The Fáry-Milnor Theorem, as stated in Kristopher Tapp's Differential Geometry of Curves and Surfaces, states that, for a unit-speed simple closed (Tapp uses the convention that only regular curves are called closed) space curve $\gamma: [a, b] \to \mathbb R^3$ whose curvature function $\kappa$ is nowhere zero, if $\gamma$ is knotted (i.e. if $\gamma$ has no spanning disk), then $\int_a^b\kappa(t) \, dt \geq 4 \pi$. Tapp proves this by showing that the total Gaussian curvature of the portion with nonnegative curvature of a tubular neighborhood around $\gamma$ is at least $8 \pi$. Then, in an exercise, we are asked to show that, in fact, $\int_a^b\kappa(t) \, dt > 4 \pi$.

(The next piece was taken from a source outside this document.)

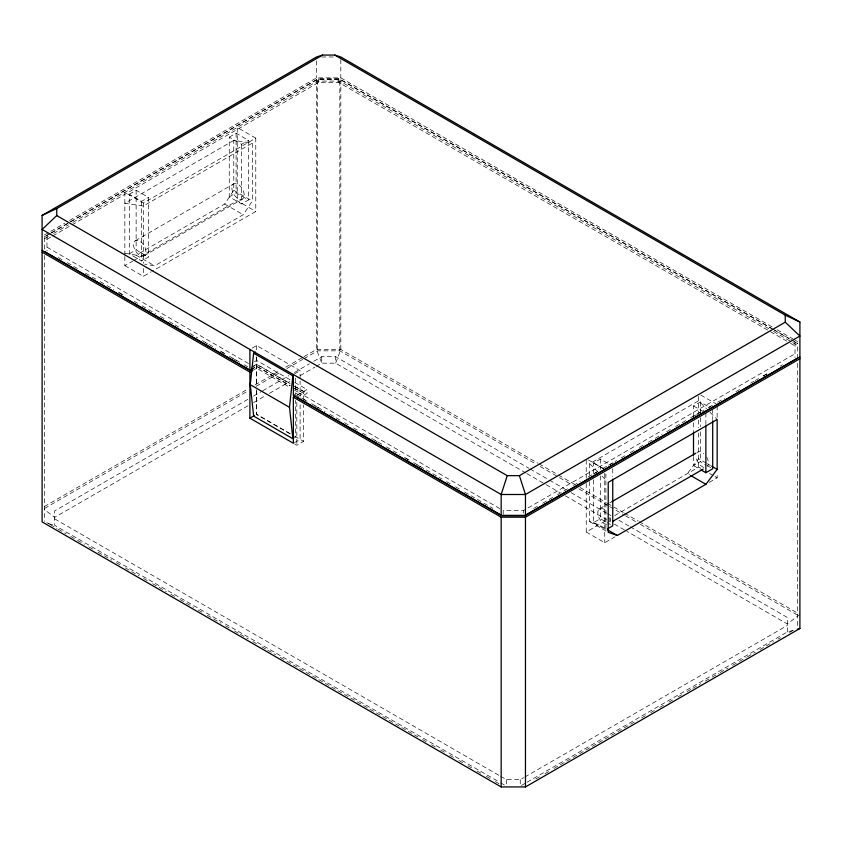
<?xml version="1.0" encoding="UTF-8"?>
<svg xmlns="http://www.w3.org/2000/svg" width="842" height="842" viewBox="0 0 842 842"><rect width="100%" height="100%" fill="white"/><g stroke="black" fill="none" stroke-linecap="round" stroke-linejoin="round"><path stroke-width="0.63" stroke-dasharray="4.21 3.16" d="M124.848 253.221L136.099 255.158L224.677 204.017L233.781 190.334L233.781 140.404L252.316 143.119L252.316 201.028L243.212 214.721L154.633 265.861L144.635 264.135M799.9 614.46L787.312 623.954L626.89 531.334M44.373 235.002L64.876 223.162M69.433 220.53L316.539 77.874L340.831 77.874L772.556 327.128M44.373 236.791L50.036 233.518M51.173 232.866L69.318 222.383M70.454 221.73L316.539 79.664L340.831 79.664L771.419 328.254M50.394 233.518L44.542 236.897L44.542 251.558M51.53 232.866L69.718 222.362M70.707 221.793L318.56 78.695L338.81 78.695L773.545 329.696M44.542 238.696L49.099 236.065M53.593 233.466L68.434 224.898M72.822 222.362L317.55 81.074L339.821 81.074L768.999 328.854M46.984 239.275L51.53 236.655M52.667 236.002L70.854 225.498M71.991 224.846L318.56 82.484L338.81 82.484L789.322 342.589M129.3 194.197L136.13 190.239L148.487 197.375L148.487 257.031L141.645 260.978L129.3 253.842L129.3 194.197L141.645 201.322L148.487 197.375M229.256 137.141L236.097 133.194L248.453 140.319L248.453 199.975L241.612 203.922L229.256 196.796L229.256 137.141L241.612 144.277L248.453 140.319M233.781 140.404L124.848 203.301L143.382 206.016L252.316 143.119M124.848 255.168L124.848 192.323L143.382 203.027L255.779 138.13L255.779 211.458L152.465 271.103M135.373 240.686L233.676 183.924M129.3 253.842L136.13 249.895L148.487 257.031M229.256 196.796L236.097 192.85L248.453 199.975M124.848 256.484L124.848 265.64L132.794 261.062M133.931 260.399L237.244 200.754L255.779 211.458M144.108 255.81L242.412 199.059M124.848 265.64L143.382 276.344L151.328 271.755M252.147 348.135L256.642 345.546L300.099 370.638L300.099 379.774M254.389 361.734L256.642 360.439L290.227 379.826M253.274 366.175L256.642 364.228L290.227 383.615M251.021 367.67L256.642 364.428L290.153 383.784M251.021 369.47L256.642 366.217L290.153 385.573M251.021 369.67L256.642 366.428L290.069 385.731M252.147 370.806L256.642 368.217L290.069 387.52M44.373 506.547L248.211 388.867M255.042 384.92L280.091 370.459M285.785 367.165L302.867 357.303M304.004 356.65L316.539 349.419L340.831 349.419L537.901 463.195M44.542 508.442L248.158 390.888M256.126 386.289L281.144 371.848M286.838 368.564L302.762 359.366M303.899 358.713L317.55 350.83L339.821 350.83L535.628 463.879M247.885 399.34L54.688 510.873L54.688 525.366L499.548 782.207M253.568 396.056L261.525 391.456M262.651 390.804L288.795 375.711M294.479 372.438L309.246 363.902M313.792 361.281L321.749 356.692L335.621 356.692L529.039 468.352M294.49 373.88L300.099 370.638M247.885 405.823L54.688 517.356L44.194 509.442M253.568 402.539L264.925 395.982M269.472 393.351L289.932 381.542M300.162 375.637L314.929 367.112M316.066 366.449L321.749 363.176L335.621 363.176L525.629 472.867M293.363 395.414L300.099 391.519L300.099 381.079M296.731 395.256L300.099 393.309L300.099 397.15M296.816 395.414L307.014 389.52L307.014 393.319L301.404 396.561M296.816 397.203L303.562 393.309L294.626 388.151M292.869 438.724L295.668 437.103L295.668 400.413M294.49 442.608L300.099 439.366L300.099 403.55M294.584 443.966L296.816 445.25L303.562 441.366L303.562 405.002M589.684 475.267L589.684 463.689L698.618 400.792L706.564 408.802M593.547 473.362L593.547 462.995L600.388 459.048L611.618 465.531M693.513 416.316L693.513 405.939L700.355 401.992L709.332 407.181M503.19 514.357L503.19 510.568L523.44 510.568L795.016 353.777M533.67 508.452L538.217 505.832M542.753 503.2L552.983 497.296M557.53 494.675L567.75 488.77M573.434 485.487L580.254 481.55M588.211 476.961L597.294 471.709M602.977 468.436L607.524 465.805M608.661 465.152L616.618 460.563M621.164 457.932L625.701 455.312M630.248 452.691L634.794 450.07M639.341 447.439L643.888 444.818M648.435 442.197L654.108 438.914M655.244 438.261L662.065 434.325M666.611 431.693L671.158 429.073M675.705 426.452L685.925 420.547M690.472 417.916L704.112 410.043M708.659 407.423L713.195 404.802M717.742 402.171L724.562 398.234M735.929 391.677L740.465 389.057M750.696 383.152L754.106 381.184M755.242 380.531L758.653 378.563M763.199 375.932L768.872 372.659M780.239 366.091L782.513 364.786M593.842 473.909L597.252 471.941M610.903 464.058L613.176 462.742M692.808 416.769L696.218 414.801M697.355 414.148L700.765 412.18M708.732 407.581L711.006 406.265M763.326 376.058L766.746 374.09M599.588 508.757L608.629 503.537M609.755 502.885L612.018 501.579M593.547 479.856L593.547 522.65L600.388 518.693L605.998 521.935M693.513 456.511L693.513 465.594L700.355 461.648L705.964 464.889M586.221 483.571L586.221 532.018L606.745 520.177M614.607 515.63L698.618 467.131L700.797 468.384M586.221 532.018L604.756 542.722L614.976 536.817M709.206 482.413L717.152 477.824L717.152 472.594M500.695 776.377L506.379 779.66L520.251 779.66L523.661 777.692M524.798 777.04L787.312 625.48M521.387 785.491L525.934 782.86M527.071 782.207L787.312 631.963L793.606 630.226M535.828 778.955L540.375 776.324M544.932 773.693L549.479 771.072M554.025 768.441L637.068 720.499M641.615 717.879L646.161 715.247M650.719 712.616L655.265 709.995M659.812 707.364L664.37 704.743M668.916 702.112L673.463 699.491M678.021 696.86L682.567 694.229M687.114 691.608L691.671 688.977M692.808 688.324L700.765 683.725M705.322 681.094L711.006 677.81M712.143 677.157L718.963 673.221M720.11 672.558L728.067 667.959M732.614 665.338L738.308 662.054M739.444 661.391L746.265 657.455M747.401 656.802L755.369 652.203M759.916 649.571L773.566 641.688M778.113 639.067L780.397 637.752M789.491 632.5L794.048 629.869M321.655 56.982L334.442 56.982M48.394 523.629L54.688 525.366M589.684 481.708L589.684 521.598L598.788 524.766L606.419 529.165M777.113 329.759L793.069 338.958M794.206 339.621L797.627 341.589M772.556 328.917L789.649 338.779M790.785 339.442L797.627 343.378M774.535 330.264L789.491 338.894M794.038 341.526L797.458 343.494L797.458 358.145M773.545 331.485L797.458 345.294M790.459 343.241L795.016 345.873M255.779 138.13L237.244 127.437L237.244 200.754M700.797 395.066L717.152 404.507M693.513 405.939L704.743 412.422M233.781 190.334L252.316 201.028M706.249 463.111L698.618 458.701L687.367 473.625L689.545 474.888M707.343 463.732L710.606 465.626M707.091 465.531L712.7 468.773M709.522 473.425L713.879 475.94M714.974 476.572L717.152 477.824M693.513 465.594L700.249 469.489M224.677 204.017L243.212 214.721M588.411 459.953L604.756 469.394M593.547 462.995L602.535 468.184M539.038 463.847L557.267 474.372M558.404 475.035L574.36 484.234M580.054 487.529L606.251 502.653M607.387 503.316L623.333 512.515M624.48 513.178L638.141 521.072M639.288 521.724L797.627 613.144M540.185 466.5L558.393 477.025M559.53 477.677L572.055 484.908M578.886 488.855L608.482 505.937M609.619 506.6L624.417 515.136M625.564 515.799L635.805 521.714M640.362 524.345L797.458 615.039M530.176 469.015L548.384 479.519M549.521 480.182L565.445 489.381M571.139 492.665L606.408 513.02M607.545 513.683L610.955 515.651M618.923 520.251L629.163 526.166M630.3 526.818L787.312 617.47L787.312 631.963M526.766 473.53L544.963 484.034M546.1 484.697L559.762 492.581M565.445 495.864L606.408 519.503M614.365 524.103L625.743 530.67M607.124 522.587L610.492 524.534M136.099 255.158L154.633 265.861M593.547 522.65L605.903 529.776L605.903 474.014M589.684 521.598L606.029 531.039M294.7 382.415L307.014 389.52M294.7 386.204L307.014 393.319M294.626 386.362L303.562 391.519L303.562 398.508M294.532 388.299L300.099 391.519M46.984 247.18L248.769 363.67M294.532 390.088L300.099 393.309M499.79 508.6L300.278 393.414L300.278 397.203L307.077 401.129M58.33 257.515L62.855 260.136M67.392 262.746L77.59 268.64M85.526 273.218L91.199 276.492M92.336 277.155L95.735 279.112M100.272 281.733L105.934 285.006M107.071 285.659L113.87 289.585M118.406 292.206L122.943 294.816M134.278 301.362L137.678 303.33M142.214 305.951L155.812 313.803M160.348 316.413L164.885 319.034M169.421 321.655L173.947 324.275M175.083 324.928L179.62 327.549M189.818 333.432L197.754 338.01M202.29 340.631L207.953 343.904M209.09 344.557L215.889 348.483M220.425 351.103L224.961 353.724M229.498 356.345L239.696 362.228M244.233 364.849L248.769 367.47M311.614 403.75L325.212 411.601M329.748 414.222L339.957 420.116M344.483 422.726L349.02 425.347M353.556 427.968L358.092 430.588M362.628 433.198L367.154 435.819M371.69 438.44L381.9 444.323M386.425 446.944L392.098 450.217M393.235 450.87L400.034 454.796M404.57 457.417L409.096 460.037M413.632 462.647L441.976 479.014M446.513 481.635L451.049 484.245M455.575 486.865L460.111 489.486M464.647 492.107L492.991 508.463M119.427 292.995L122.827 294.953M205.648 342.778L207.921 344.083M221.541 351.945L224.94 353.914M232.887 358.492L237.423 361.113M303.625 399.34L307.035 401.308M314.971 405.886L319.507 408.507M375.1 440.608L377.374 441.913M405.739 458.29L409.138 460.258M417.085 464.847L421.621 467.468M290.153 433.619L256.642 414.275L256.642 387.404M294.532 436.145L303.562 441.366M290.069 433.872L256.452 414.453L256.452 390.867M54.688 518.883L499.548 775.724M500.695 782.86L505.242 785.491M46.826 522.619L49.099 523.934M50.236 524.598L57.067 528.534M58.203 529.197L66.171 533.796M70.728 536.428L76.422 539.711M77.559 540.364L84.389 544.311M88.936 546.942L93.494 549.573M98.051 552.194L111.712 560.088M116.259 562.709L120.816 565.34M125.374 567.971L139.035 575.854M143.582 578.486L148.139 581.117M152.686 583.748L166.348 591.631M170.905 594.263L175.462 596.894M180.009 599.515L193.671 607.408M198.228 610.04L202.785 612.66M207.332 615.292L220.993 623.175M225.551 625.806L230.098 628.437M234.655 631.068L239.212 633.7M240.349 634.352L248.316 638.952M252.874 641.583L257.42 644.214M261.978 646.845L266.535 649.466M267.672 650.129L275.639 654.729M280.186 657.36L285.88 660.644M287.017 661.296L417.937 736.887M422.484 739.508L427.041 742.139M431.599 744.77L436.145 747.401M440.703 750.033L445.26 752.653M449.807 755.285L454.364 757.916M458.922 760.547L463.468 763.168M468.026 765.799L472.583 768.43M477.13 771.062L481.687 773.693M486.234 776.313L490.791 778.945M495.349 781.576L499.895 784.207M710.09 412.359L717.152 419.474M589.684 463.689L597.62 471.699M602.041 476.14L606.451 480.593M797.458 363.386L797.458 627.9M795.016 342.084L795.016 357.566M717.152 405.812L717.152 417.6M712.7 409.128L712.7 419.495M705.87 413.075L705.87 424.747M700.355 401.992L700.355 412.37M700.355 417.548L700.355 426.631M700.355 431.82L700.355 461.648M698.618 396.424L698.618 413.664M698.618 419.99L698.618 427.852M698.618 432.967L698.618 467.131M693.513 422.8L693.513 430.578M612.744 468.773L612.744 476.551M604.756 473.33L604.756 542.722M600.388 459.048L600.388 469.415M600.388 475.898L600.388 518.693M586.221 460.006L586.221 478.34M523.44 510.568L523.44 513.094M520.251 779.66L520.251 786.144M506.379 779.66L506.379 786.144M340.831 59.593L340.831 77.874M340.831 79.664L340.831 349.419L335.621 363.176L335.621 356.692M339.821 350.83L339.821 79.285L317.55 79.285L317.55 350.83M338.81 78.695L338.81 82.484M321.749 356.692L321.749 363.176L316.539 349.419L316.539 79.664M318.56 78.695L318.56 82.484M316.539 60.898L316.539 77.874M296.816 402.392L296.816 445.25M295.668 378.142L295.668 393.867M256.642 345.546L256.642 350.767M256.642 357.292L256.642 386.131M256.452 356.808L256.452 385.636M241.612 144.277L241.612 203.922M236.097 133.194L236.097 192.85M143.382 203.027L143.382 263.251M143.382 268.493L143.382 276.344M141.645 201.322L141.645 260.978M136.13 190.239L136.13 249.895M46.984 235.486L46.984 250.969M44.542 255.473L44.542 521.303M703.859 467.384A8.736 5.041 60 0 1 696.081 456.006M696.913 452.912A8.736 5.041 60 0 1 703.859 453.606M706.627 457.048A8.736 5.041 60 0 1 707.606 466.226M607.04 524.282A8.736 5.041 60 0 1 597.778 512.757A8.736 5.041 60 0 1 607.04 511.936M231.866 187.924A8.736 5.041 60 0 0 241.138 199.449A8.736 5.041 60 0 0 241.138 187.092A8.736 5.041 60 0 0 231.866 187.924M133.562 244.675A8.736 5.041 60 0 0 142.824 256.21A8.736 5.041 60 0 0 142.824 243.854A8.736 5.041 60 0 0 133.562 244.675"/><path stroke-width="1.26" d="M253.642 353.187L292.869 375.827L289.501 407.328L292.869 438.724L253.642 416.074L250.274 384.678L253.642 353.187L255.515 352.103M334.769 55.067L340.831 56.982L799.9 322.023L799.9 628.49L525.461 786.933L501.169 786.933L42.1 521.893L42.1 215.426L316.539 56.982L322.602 55.067L334.769 55.067L785.249 315.15L785.249 322.181L519.398 475.667L507.231 475.667L501.169 494.496L501.169 515.378L525.461 515.378L799.9 356.934M705.901 484.318L717.152 469.394L717.152 419.474L608.219 482.371L608.219 532.291L617.323 535.459L705.901 484.318L690.64 475.509M322.602 55.067L56.751 208.563L56.751 215.584L42.1 229.456L501.169 494.496L525.461 494.496L799.9 336.053L785.249 322.181M42.1 250.348L249.906 370.312L252.147 369.017M42.1 252.137L249.906 372.111L252.147 370.806M249.906 372.111L249.906 418.169L254.389 415.569M249.906 418.169L293.363 443.26L293.363 397.203L295.605 395.898M797.458 358.145L524.45 515.767L502.179 515.757L296.816 397.203M293.363 397.203L501.169 517.177L525.461 517.177L799.9 358.724M612.018 501.579L695.629 453.312M612.839 521.282L703.238 469.089M607.861 528.65L612.744 525.829L612.744 479.14M701.375 470.131L705.87 472.73L712.7 468.773L712.7 420.8M42.1 215.426L56.751 208.563M797.385 629.184L799.9 628.49M785.249 315.15L799.9 322.023M711.701 466.247L717.152 469.394M607.514 529.797L617.323 535.459M56.751 215.584L507.231 475.667M44.542 251.547L249.906 370.112M501.169 515.378L293.363 395.414L293.363 374.522M250.274 384.678L289.501 407.328M519.398 475.667L525.461 494.496L525.461 515.378M705.87 426.041L705.87 472.73M693.513 431.872L693.513 455.217M525.461 517.177L525.461 786.933M501.169 517.177L501.169 786.933M249.906 349.43L249.906 370.312M609.924 517.925A8.736 5.041 60 0 1 609.924 521.619"/></g></svg>

The only thought I've really had is to show that if the total curvature is exactly $4 \pi$, then $\gamma$ is a plane curve, which would force $\gamma$ to be unknotted by the Jordan curve theorem, but I'm struggling to show this. My attempts have included
- trying to extend Lemma 2.17, which states that a closed curve in $S^2$ whose trace intersects every great circle has arc length at least $2 \pi$ with equality if and only if the curve isa simple parametrization of a great circle (and which Tapp used to give the first proof in the text of Fenchel's theorem), to curves that intersect every great circle more than once (which we know must be true about $\gamma'$ for $\gamma$ to be knotted), and
- splitting $\gamma'$ into two curves, each of which Lemma 2.17 applies to.
However, I haven't really made any progress with the first attempt, and the second doesn't seem very promising since Lemma 2.17 only applies to closed curves, and it doesn't seem we can guarantee that $\gamma'$ can be split into two closed curves (with matching derivatives at the endpoints).
You have to check the equality case in the proof. It is easy to see that equality implies that it must be locally convex plane curve. Since its total curvature is $4{\cdot}\pi$, the curev cannot be simple --- a contradiction.